#ubuntu-classroom-es 2012-07-11
<xTorettox> solo... T%T
<chilicuil> buenos dias, bienvenidos a la escuela de MOTU's, durante la proxima hora sere el pseudotraductor que intentara llevarles la interpretacion de lo que estara pasando en #ubuntu-classroom
<chilicuil> la interpretacion estara accesible mas tarde desde la pagina wiki de classroom-es, y la original en la pagina wiki de ubuntu-classroom
<chilicuil> les sugiero que tambien esten pendientes de #ubuntu-classroom-chat
<chilicuil> ahi es donde se lleva la platica casual del tema que se esta dando
<chilicuil> si tienen alguna pregunta y creen que su ingles no es suficiente, con gusto les ayudare a formularla
<chilicuil> comienzo la interpretacion ahora
<chilicuil> buenos dias, soy bhavani y he sido un miembro de ubuntu por los ultimos 5 años
<chilicuil> y hoy les hablare sobre el emocionante mundo del desarrollo de Ubuntu
<chilicuil> empecemos por lo basico, la presentacion transcurrira a traves de #ubuntu-classroom, ahi hare toda la presentacion, incluyendo los demos
<chilicuil> #ubuntu-classroom-chat es el canal indicado para hacer preguntas y hacer comentarios sobre la sesion
<chilicuil> si aun no han entrado a #ubuntu-classroom-chat por favor haganlo
<chilicuil> si tienen cualquier pregunta, haganla despues de la palabra QUESTION:, por ejemplo, QUESTION: what's ubuntu?

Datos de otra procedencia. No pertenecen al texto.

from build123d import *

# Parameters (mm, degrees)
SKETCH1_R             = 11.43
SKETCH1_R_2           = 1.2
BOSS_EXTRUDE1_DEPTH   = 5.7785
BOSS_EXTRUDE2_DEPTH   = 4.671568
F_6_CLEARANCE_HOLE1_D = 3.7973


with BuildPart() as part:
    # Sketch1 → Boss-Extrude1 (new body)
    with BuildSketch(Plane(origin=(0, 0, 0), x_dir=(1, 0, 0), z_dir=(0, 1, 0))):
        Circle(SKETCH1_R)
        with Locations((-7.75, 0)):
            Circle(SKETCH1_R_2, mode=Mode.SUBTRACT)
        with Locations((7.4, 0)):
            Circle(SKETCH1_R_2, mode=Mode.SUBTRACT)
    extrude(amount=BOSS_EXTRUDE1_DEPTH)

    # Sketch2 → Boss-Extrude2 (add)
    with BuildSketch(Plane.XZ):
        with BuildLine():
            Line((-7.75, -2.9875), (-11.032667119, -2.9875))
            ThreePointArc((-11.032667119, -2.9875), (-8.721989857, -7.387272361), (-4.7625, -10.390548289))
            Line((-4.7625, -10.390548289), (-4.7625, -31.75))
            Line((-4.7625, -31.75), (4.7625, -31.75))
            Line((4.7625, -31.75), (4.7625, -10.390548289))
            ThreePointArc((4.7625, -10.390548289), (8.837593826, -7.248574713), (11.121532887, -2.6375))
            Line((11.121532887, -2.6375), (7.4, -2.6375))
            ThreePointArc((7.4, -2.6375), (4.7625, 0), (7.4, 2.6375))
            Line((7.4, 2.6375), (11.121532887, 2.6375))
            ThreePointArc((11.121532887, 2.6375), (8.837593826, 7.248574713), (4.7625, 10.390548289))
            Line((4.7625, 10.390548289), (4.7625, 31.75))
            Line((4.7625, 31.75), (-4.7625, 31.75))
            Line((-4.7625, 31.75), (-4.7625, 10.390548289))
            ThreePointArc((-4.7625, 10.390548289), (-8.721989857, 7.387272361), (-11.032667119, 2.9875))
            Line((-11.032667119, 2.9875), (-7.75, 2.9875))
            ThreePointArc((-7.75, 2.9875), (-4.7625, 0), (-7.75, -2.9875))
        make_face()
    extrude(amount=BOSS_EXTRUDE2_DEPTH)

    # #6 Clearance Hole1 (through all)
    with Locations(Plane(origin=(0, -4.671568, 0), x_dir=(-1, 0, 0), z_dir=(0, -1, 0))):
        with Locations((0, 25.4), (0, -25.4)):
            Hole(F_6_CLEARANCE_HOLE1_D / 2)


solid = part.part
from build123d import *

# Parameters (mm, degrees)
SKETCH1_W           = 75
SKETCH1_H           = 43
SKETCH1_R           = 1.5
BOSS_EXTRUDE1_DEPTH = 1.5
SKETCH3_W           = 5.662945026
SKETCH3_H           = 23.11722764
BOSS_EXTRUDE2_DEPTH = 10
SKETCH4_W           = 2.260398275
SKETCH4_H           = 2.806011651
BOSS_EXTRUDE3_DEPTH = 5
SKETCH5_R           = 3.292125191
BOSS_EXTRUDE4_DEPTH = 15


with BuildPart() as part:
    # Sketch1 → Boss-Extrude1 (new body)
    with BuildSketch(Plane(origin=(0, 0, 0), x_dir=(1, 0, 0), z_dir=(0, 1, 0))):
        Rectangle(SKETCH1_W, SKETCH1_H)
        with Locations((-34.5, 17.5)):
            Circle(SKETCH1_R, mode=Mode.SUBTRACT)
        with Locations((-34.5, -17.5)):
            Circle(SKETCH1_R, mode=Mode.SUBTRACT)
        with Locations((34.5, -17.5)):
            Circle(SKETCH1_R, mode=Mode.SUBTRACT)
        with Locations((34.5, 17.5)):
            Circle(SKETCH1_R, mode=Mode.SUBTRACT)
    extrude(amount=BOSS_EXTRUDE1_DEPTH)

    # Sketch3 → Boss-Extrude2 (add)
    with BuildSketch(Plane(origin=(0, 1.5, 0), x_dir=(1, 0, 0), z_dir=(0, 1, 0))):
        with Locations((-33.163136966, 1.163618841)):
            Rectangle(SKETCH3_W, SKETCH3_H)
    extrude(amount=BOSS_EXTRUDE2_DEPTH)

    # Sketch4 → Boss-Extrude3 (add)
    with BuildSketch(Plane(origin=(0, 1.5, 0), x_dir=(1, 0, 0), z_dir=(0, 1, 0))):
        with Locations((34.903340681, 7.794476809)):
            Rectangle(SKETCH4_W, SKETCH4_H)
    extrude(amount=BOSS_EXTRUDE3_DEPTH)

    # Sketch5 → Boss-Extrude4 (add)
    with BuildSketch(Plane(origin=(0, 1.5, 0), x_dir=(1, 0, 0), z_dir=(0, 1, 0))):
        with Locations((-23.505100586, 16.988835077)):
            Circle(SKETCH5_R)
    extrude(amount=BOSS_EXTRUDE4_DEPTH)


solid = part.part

<chilicuil> si tienen alguna pregunta, y no se sienten confortables con su ingles, hare mi mejor esfuerzo para ayudarles a plantearla
<chilicuil> en fin, empecemos, que es Ubuntu?, ubuntu es un sistema compuesto de miles de diferentes programas escritos en muchos otros lenguajes de programacion, todas las personas tienen acceso al codigo fuente de todos los programas
<chilicuil> estos programas, se empaquetan en archivos llamados "paquetes de codigo fuente" «source packages», que consisten de 2 partes principalmente, el codigo fuente y los metadatos
<chilicuil> los metadatos incluyen la informacion de las dependencias, de los permisos de autor y de las instrucciones para compilar el programa y producir un binario (paquete .deb)
<chilicuil> cada vez que una nueva version de un programa es liberado, o cuando una persona hace algun cambio en Ubuntu, el codigo fuente del programa debe subirse a las maquinas de Launchpad para que puedan ser compiladas y produzcan un nuevo binario (paquete .deb)
<chilicuil> los archivos generados son distribuidos por el archivo y copiados a los mirrors de ubuntu alrededor del mundo, las direcciones que tienen en /etc/apt/sources.list contienen la liga a esos sitios
<chilicuil> se libera una version de Ubuntu cada 6 meses, esto es posible gracias a que establecemos fechas muy estrictas para la introduccion de cambios a ubuntu (freeze dates)
<chilicuil> epikvision: ha preguntado sobre la diferencia entre un paquete binario y uno de codigo fuente
<chilicuil> coolbhavi: ha contestado que la diferencia basica radica en que mientras un paquete de codigo fuente contiene las instrucciones que el programador escribe, un paquete binario contiene el archivo ejecutable que se genera a partir del primero
<chilicuil> coolbhavi: tambien aclara despues de un comentario en #ubuntu-classroom-chat sobre las fechas limite (freeze dates), que estás se declaran como puntos para dejar de introducir cambios a ubuntu y pasar a hacer pruebas mas extensivas sobre las partes criticas de Ubuntu, por ejemplo para ver que unity se encuentre en buen estado para cuando salga la version estable
<chilicuil> si dan un vistazo a https://wiki.ubuntu.com/QuantalQuetzal/ReleaseSchedule podran ver el calendario completo para la version en desarrollo 12.10 (quantal), ahi mismo se definen algunas otras fechas que seguro encontraran informativas
<chilicuil> dejemonos de teoria y pasemos a la parte practica, que se necesita para comenzar en el apasionante mundo del desarrollo de Ubuntu?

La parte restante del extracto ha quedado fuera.